After spiraling into a squall of depression over the holidays I knew that, as someone who grew up watching my mother slowly die from doctors and hospitals, a pharmaceutical solution for my malaise was not an option.
Instead, I began examining my habits.
And I saw that a subtle cowardice had snuck into my morning routine.
I tout my spirituality to myself and others as my top priority in life.
Yet what was the first thing I did upon awakening? You got it:
Shortly after that revelation, I manifested this quote by Brandon Burchard in a documentary I was watching:
“I can tell if someone is trapped in conformity by looking at their first 60 minutes in the morning.
If you wake up, and you do what 86 percent of smart-phone owners do, you grab your phone, you look at it, you go into your social media, you go into your e-mail, you go into your texts, you go into your voice messages, you go to your games....
You’re starting your day in reaction.
Your mind is not directing the day.
You’re not planning.

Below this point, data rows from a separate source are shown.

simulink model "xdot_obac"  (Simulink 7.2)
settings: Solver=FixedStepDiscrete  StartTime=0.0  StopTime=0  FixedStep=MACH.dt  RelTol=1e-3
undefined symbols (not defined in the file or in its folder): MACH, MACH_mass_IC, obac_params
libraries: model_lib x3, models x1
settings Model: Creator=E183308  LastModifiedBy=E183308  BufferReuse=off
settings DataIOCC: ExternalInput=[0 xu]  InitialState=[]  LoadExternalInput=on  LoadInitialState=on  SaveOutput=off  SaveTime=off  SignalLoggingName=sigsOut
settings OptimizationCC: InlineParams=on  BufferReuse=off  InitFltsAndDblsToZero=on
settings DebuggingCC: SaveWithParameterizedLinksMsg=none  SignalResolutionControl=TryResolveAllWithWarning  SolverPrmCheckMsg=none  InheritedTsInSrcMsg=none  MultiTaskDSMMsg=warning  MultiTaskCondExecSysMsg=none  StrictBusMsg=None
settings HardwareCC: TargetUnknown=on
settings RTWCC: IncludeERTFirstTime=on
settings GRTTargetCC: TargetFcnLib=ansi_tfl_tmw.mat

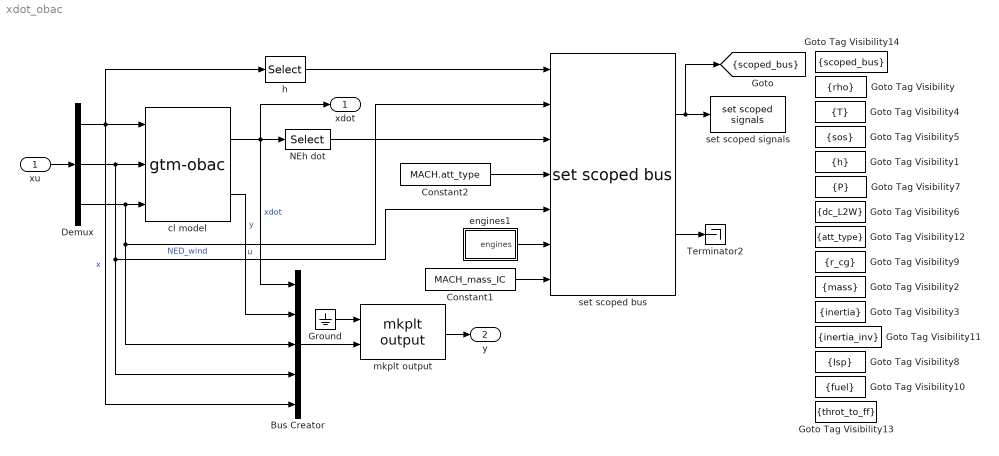
== system xdot_obac ==
  xu : Inport  OutDataType=sfix(16)  OutScaling=2^0
  Bus Creator : BusCreator  Inputs=5
  Constant1 : Constant  Value=MACH_mass_IC  OutDataType=sfix(16)  OutScaling=2^0
  Constant2 : Constant  Value=MACH.att_type  OutDataType=sfix(16)  OutScaling=2^0
  Demux : Demux  Outputs=[MACH.num_x MACH.num_u 3]
  Goto Tag Visibility : GotoTagVisibility  GotoTag=rho
  Goto Tag Visibility1 : GotoTagVisibility  GotoTag=h
  Goto Tag Visibility10 : GotoTagVisibility  GotoTag=fuel
  Goto Tag Visibility11 : GotoTagVisibility  GotoTag=inertia_inv
  Goto Tag Visibility12 : GotoTagVisibility  GotoTag=att_type
  Goto Tag Visibility13 : GotoTagVisibility  GotoTag=throt_to_ff
  Goto Tag Visibility14 : GotoTagVisibility  GotoTag=scoped_bus
  Goto Tag Visibility2 : GotoTagVisibility  GotoTag=mass
  Goto Tag Visibility3 : GotoTagVisibility  GotoTag=inertia
  Goto Tag Visibility4 : GotoTagVisibility  GotoTag=T
  Goto Tag Visibility5 : GotoTagVisibility  GotoTag=sos
  Goto Tag Visibility6 : GotoTagVisibility  GotoTag=dc_L2W
  Goto Tag Visibility7 : GotoTagVisibility  GotoTag=P
  Goto Tag Visibility8 : GotoTagVisibility  GotoTag=Isp
  Goto Tag Visibility9 : GotoTagVisibility  GotoTag=r_cg
  Ground : Ground
  NEh dot : Selector  InputPortWidth=obac_params.num_x  IndexOptions=Index vector (dialog)  Indices=MACH.NEh_idx  OutputSizes=1
  Terminator2 : Terminator
  cl model : models/gtm-obac  SystemSampleTime=-1
  engines1 : Subsystem
  h : Selector  InputPortWidth=obac_params.num_x  IndexOptions=Index vector (dialog)  Indices=MACH.NEh_idx(3)  OutputSizes=1
  mkplt output : model_lib/mkplt output  SystemSampleTime=-1
  set scoped bus : model_lib/set scoped bus  SystemSampleTime=-1  vehicle_params=obac_params
  set scoped signals : model_lib/set scoped signals  SystemSampleTime=-1
  xdot : Outport  OutDataType=sfix(16)  OutScaling=2^0
  y : Outport  Port=2  OutDataType=sfix(16)  OutScaling=2^0
  tag scope: scoped_bus=scoped
  wires:
  Demux/1 -> cl model/1, h/1, Bus Creator/5  "x"
  Demux/2 -> cl model/2, set scoped bus/5, Bus Creator/4  "u"
  Demux/3 -> cl model/3, set scoped bus/2, Bus Creator/3  "NED_wind"
  xu/1 -> Demux/1
  cl model/1 -> xdot/1, NEh dot/1, Bus Creator/1  "xdot"
  h/1 -> set scoped bus/1
  NEh dot/1 -> set scoped bus/3
  Constant2/1 -> set scoped bus/4
  set scoped bus/1 -> set scoped signals/1, [scoped_bus]
  set scoped bus/2 -> Terminator2/1
  mkplt output/1 -> y/1
  Ground/1 -> mkplt output/1
  Bus Creator/1 -> mkplt output/2
  cl model/2 -> Bus Creator/2  "y"
  Constant1/1 -> set scoped bus/7
  engines1/1(engines) -> set scoped bus/6

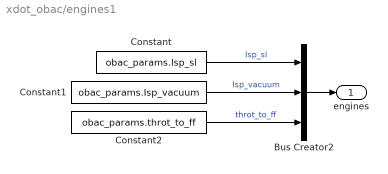
== system xdot_obac/engines1 ==
  Bus Creator2 : BusCreator  Inputs=3
  Constant : Constant  Value=obac_params.Isp_sl  OutDataType=sfix(16)  OutScaling=2^0
  Constant1 : Constant  Value=obac_params.Isp_vacuum  OutDataType=sfix(16)  OutScaling=2^0
  Constant2 : Constant  Value=obac_params.throt_to_ff  OutDataType=sfix(16)  OutScaling=2^0
  engines : Outport  OutDataType=sfix(16)  OutScaling=2^0
  wires:
  Constant1/1 -> Bus Creator2/2  "Isp_vacuum"
  Constant/1 -> Bus Creator2/1  "Isp_sl"
  Bus Creator2/1 -> engines/1
  Constant2/1 -> Bus Creator2/3  "throt_to_ff"

You’re not asking what you want.
Instead, the world is directing your attention and your day.”
I have since adopted the habit of meditating before checking my phone.
Buh-bye winter blues. Good morning fresh start.
What it all boils down to … how we start our day is how we live our life.
So if you're hoping, for example, to lose weight and keep it off ... to get a handle once and for all on your late-night bingeing ... to make friends with the wrinkly woman you see in the mirror ...
The quickest, easiest, and most efficient way there is to rebuke the juggernaut of automaton conformity and courageously commit the first hour of your day to you.
And if you're groaning about how hard that's gonna be, take heart.
I was going to sequester the content below behind a paywall but instead chose to share it freely.
If you watch it, find it helpful, and would like to buy me a matcha latte once a month, consider becoming a paid subscriber to cheer me on in my work.
On the second Saturday of each month I host The Un-Dieters’ Club, a free online gathering where I share tips, tools, and teachings to help you midlife gals reclaim your vitality and love your body without ever dieting again.
Here’s the recording from our January meeting, where we had a lot of fun tackling this topic of building new habits to honor the start of your day.
So if you’re ready to give more than lip service to the fulfillment of your desires, then make yourself a pot of herb tea, settle in with your journal, and let’s work on this together:
Join me for the next Un-Dieters’ Club on Saturday, February 10, where we’ll talk about “Becoming Ageless As We Age.”
You are worth the select portion.
In the Buddhist tradition that I've been part of since 1987, we have a practice of feasting to celebrate our connection with our teachers, the teachings they've shared with us, and the company of our fellow practitioners.
When we're served a plate of food, the first thing we do is set aside a select portion as an offering of gratitude.
We bless the food, and then we symbolically offer that select portion to the "guests" who are present at the feast.
The select portion practice reminds me of that first hour of the day.
It's a precious time, when you think about it.
It's a fleeting interval when we get to create ourselves anew, free from the weight of our own ponderous self-projections.
Which is exactly what we want, right?
So why does it feel so hard to give that select portion of time to ourselves?
Because most of us, when we live unconsciously, wake up with a heavy emotional burden of some perceived guilt or shame that makes it challenging to engage in self-care activities or positive morning rituals.
Or perhaps the seemingly urgent demands of the day propel us to neglect ourselves and "get busy," especially when the first thing we do in the morning is look at our phone.
Whatever it is, I'm here to tell you ...
You deserve the select portion of the day.
Think of one new habit you’d like to introduce into your morning routine and do it for seven days.
Or just do it for three.
Do it until you start to feel better.
Give yourself permission to feel better about feeling better.
And then let the heliotropic impact of those new behaviors turn your life like a sunflower toward the sun of personal dignity and freedom.